In further evidence of Russia’s costly tactics, a soldier fighting in Chasiv Yar said this week that newly mobilised recruits sent to the front often die almost immediately, with his own unit suffering over 90 per cent losses.
“They recruit people who don’t know anything – millions are spent on [recruiting] them. They arrive and immediately, they are 200s [dead],” the man, identified as Ruslan of the 88th Reconnaissance and Sabotage Brigade “Espanyola”, said on a video shared on social media.
“There are six of us left: there were seventy, now there are six,” he added. “You drive over corpses – there’s no other way.
“It’s like that, you just can’t tell who you’re driving over… We’ve got three brigades buried under slabs.”

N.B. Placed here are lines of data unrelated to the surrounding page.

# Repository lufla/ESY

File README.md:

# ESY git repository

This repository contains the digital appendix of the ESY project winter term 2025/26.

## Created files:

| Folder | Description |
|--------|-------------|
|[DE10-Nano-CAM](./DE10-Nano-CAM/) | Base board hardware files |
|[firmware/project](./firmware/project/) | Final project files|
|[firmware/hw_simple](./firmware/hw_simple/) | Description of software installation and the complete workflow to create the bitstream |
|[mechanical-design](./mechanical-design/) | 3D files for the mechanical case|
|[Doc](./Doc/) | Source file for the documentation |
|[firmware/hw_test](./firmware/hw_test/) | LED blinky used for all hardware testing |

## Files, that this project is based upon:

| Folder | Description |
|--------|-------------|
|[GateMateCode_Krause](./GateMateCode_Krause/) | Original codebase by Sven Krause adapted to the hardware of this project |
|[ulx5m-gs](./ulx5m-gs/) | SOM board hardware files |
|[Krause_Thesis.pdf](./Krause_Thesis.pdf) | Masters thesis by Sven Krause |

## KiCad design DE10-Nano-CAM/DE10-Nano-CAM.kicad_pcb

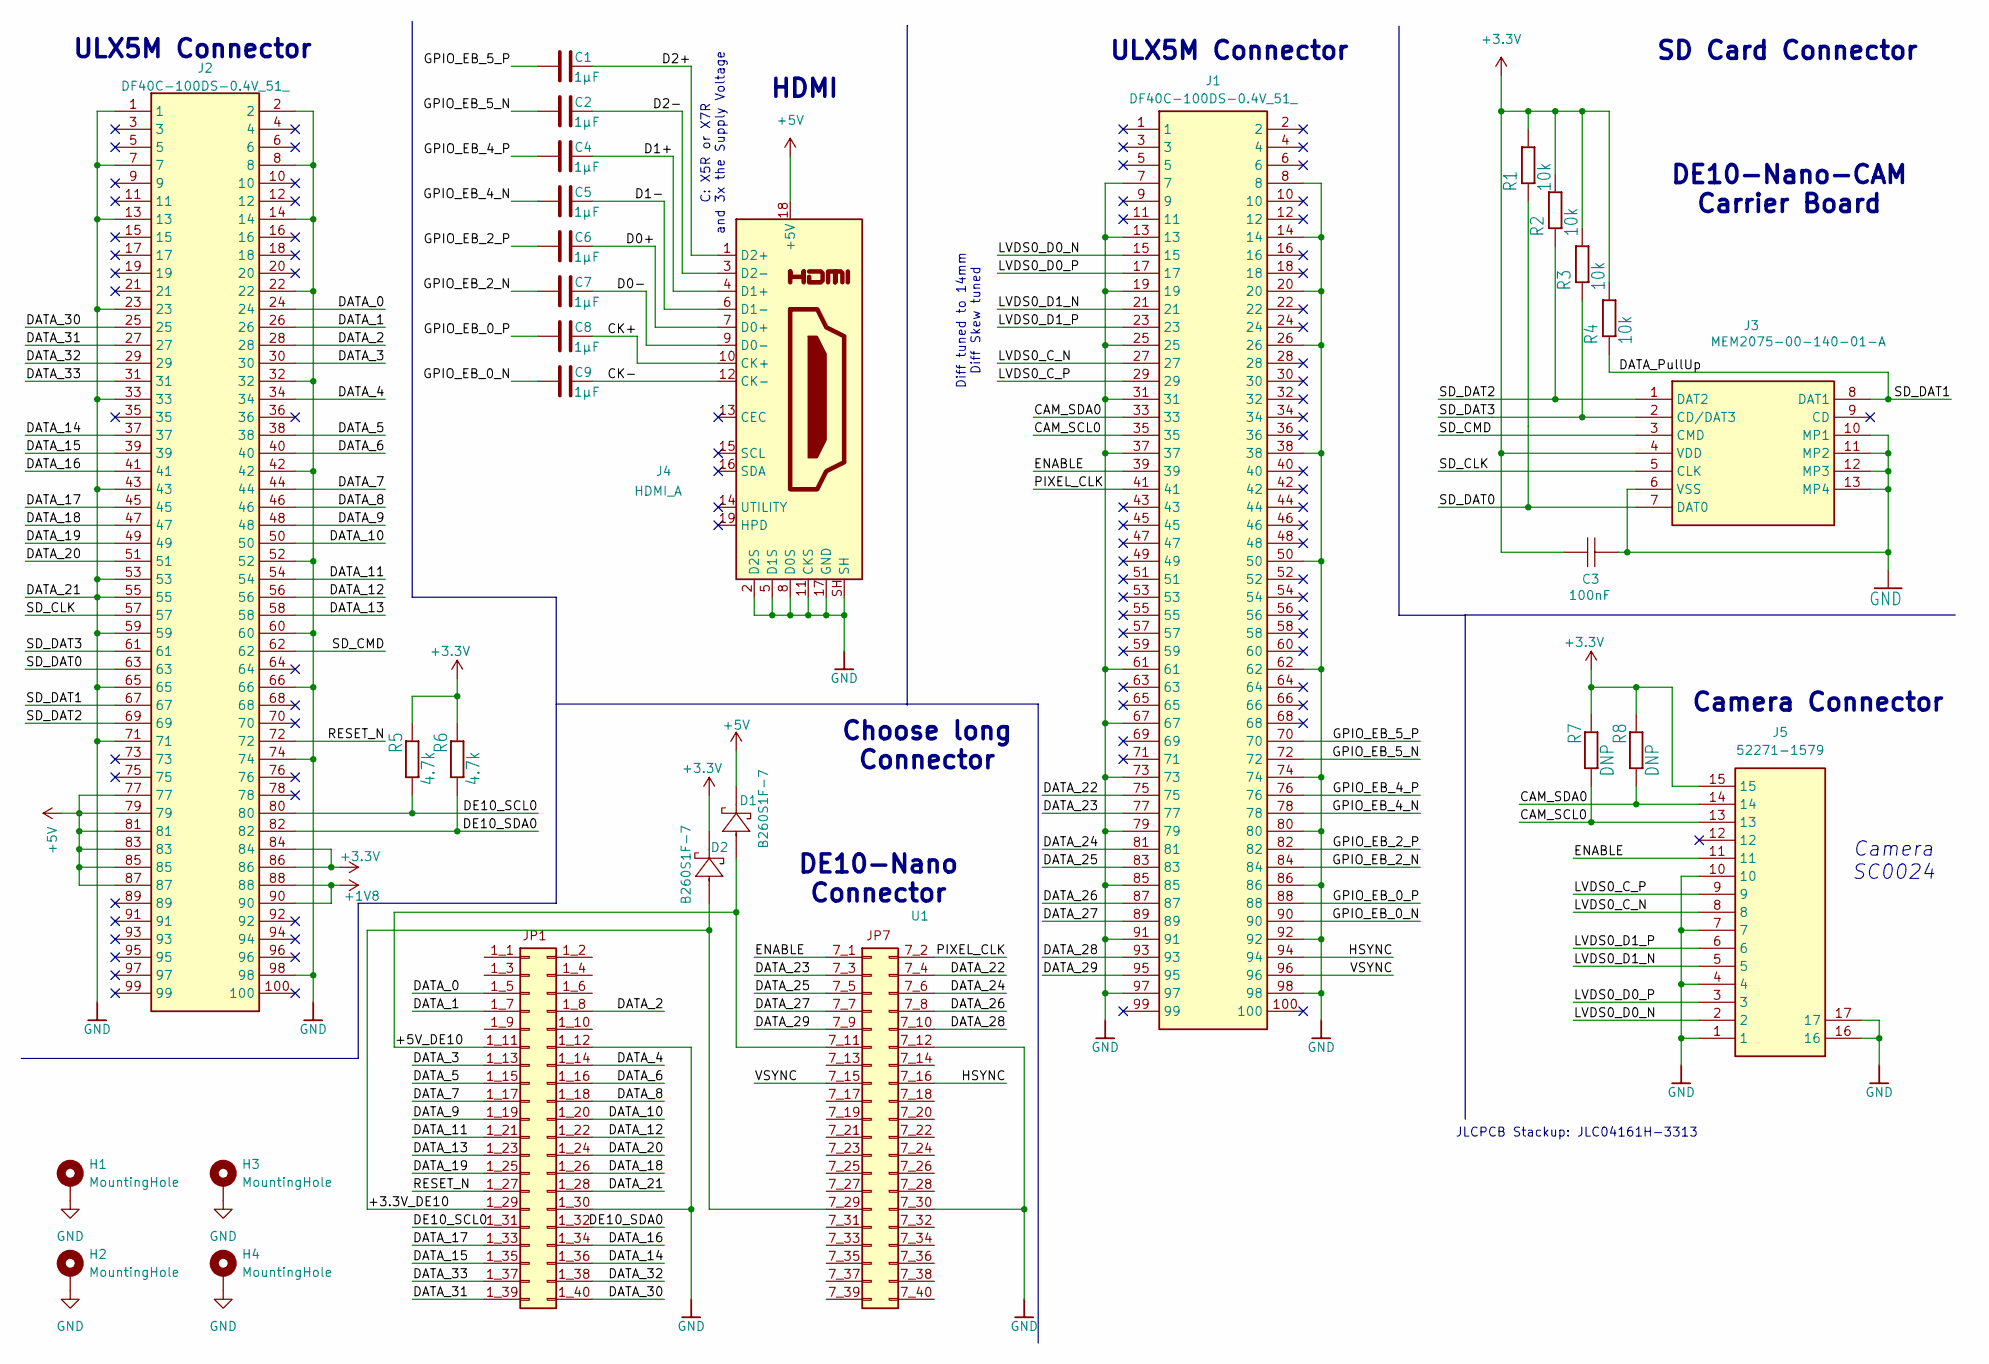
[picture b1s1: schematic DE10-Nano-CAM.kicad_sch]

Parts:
C1, C2, C4, C5, C6, C7, C8, C9: 1µF; C_0402_1005Metric
C3: 100nF; C_0603_1608Metric
D1, D2: B260S1F-7; D_0805_2012Metric; MANUFACTURER_PART_NUMBER B260S1F-7; DIGI-KEY_PART_NUMBER_1 B260S1F-7DITR-ND
H1, H2, H3, H4: MountingHole; MountingHole_2.7mm_M2.5_DIN965_Pad
J1, J2: DF40C-100DS-0.4V_51_; DF40C100DS04V51; Mouser Part Number 798-DF40C100DS0.4V51
J3: MEM2075-00-140-01-A; MEM20750014001A; Mouser Part Number 640-MEM20750014001A
J4: HDMI_A; HDMI_A_Amphenol_10029449-x01xLF_Horizontal
J5: 52271-1579; 522711579; Mouser Part Number 538-52271-1579
R1, R2, R3, R4: 10k; R_0402_1005Metric
R5, R6: 4.7k; R_0603_1608Metric
R7, R8: DNP; R_0603_1608Metric
U1: DE10-Nano

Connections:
+1V8: J2.88, J2.90
+3.3V: C3.2, D2.1, J2.84, J2.86, J3.4 (VDD), J5.15, R1.2, R2.2, R3.2, R4.2, R5.2, R6.2, R7.2, R8.2
+5V: D1.1, J2.77, J2.79, J2.81, J2.83, J2.85, J2.87, J4.18 (+5V)
/+3.3V_DE10: D2.2, U1.1_29, U1.7_29
/+5V_DE10: D1.2, U1.1_11, U1.7_11
/CAM_SCL0: J1.35, J5.13, R7.1
/CAM_SDA0: J1.33, J5.14, R8.1
/CK+: C8.2, J4.10 (CK+)
/CK-: C9.2, J4.12 (CK-)
/D0+: C6.2, J4.7 (D0+)
/D0-: C7.2, J4.9 (D0-)
/D1+: C4.2, J4.4 (D1+)
/D1-: C5.2, J4.6 (D1-)
/D2+: C1.2, J4.1 (D2+)
/D2-: C2.2, J4.3 (D2-)
/DATA_0: J2.24, U1.1_5
/DATA_1: J2.26, U1.1_7
/DATA_2: J2.28, U1.1_8
/DATA_3: J2.30, U1.1_13
/DATA_4: J2.34, U1.1_14
/DATA_5: J2.38, U1.1_15
/DATA_6: J2.40, U1.1_16
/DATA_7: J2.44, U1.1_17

Data from Ukraine’s general staff, supported by reports from the Institute for the Study of War, corroborates the high Russian losses in the city in the Bakhmut region, estimating around 210,000 casualties during the summer offensive, with only minimal territorial gains.
But Anna, The Telegraph’s contact in the military, said: “We cannot claim that the equation of X Russian casualties equals them winning or losing because while every soldier is a life to us, for Putin every soldier is simply a means to an end, of which he has a never-ending supply.
“They are more upset to be sanctioned by the United States than to lose 500,000 men.”
She added: “People look at casualty numbers and think they equate to us winning – we are not losing – but they [Russia] keep gaining and pushing… This is happening in Bakhmut, Chasiv Yar, Pokrovsk, Avdiivka.”

Kremlin ‘doesn’t view infantry as humans’
Anna said the war was no longer one of skill but of manpower, adding that although Ukraine had the edge in some aspects, Russia’s sheer numbers and willingness to send waves of men into battle were hitting hard.
“We are better skilled if you equate our average guy to theirs. We have slightly better tech; they have much better production. The difference is the unrelenting waves of help.
“Every soldier is a tool to either acquire land or die trying, all the better if they take us with them. The partners and public must realize that the Kremlin doesn’t view its infantry as humans but chattels.”
Colonel Oleksandr Zavtonov of Ukraine’s 30th Marine Corps, serving in the Kherson direction, told The Telegraph that his soldiers were in a similar predicament.
“Attacks are happening constantly, day after day. Month after month,” he said. “In radio intercepts, it is not uncommon to hear the occupiers refusing to go on the assault.
“However, judging by the situation that has developed, the Russian commanders are indifferent to this.”
Colonel Zavtonov said that, although the attacks were often not large-scale, their continuity and number were aimed at exhausting Ukrainian forces.
“We see that the enemy has no limits in the cost of human lives, which to the civilised world looks like cannibalistic tactics,” he said.
“For the Russians, this is the norm – they always fight like this, without valuing human life.”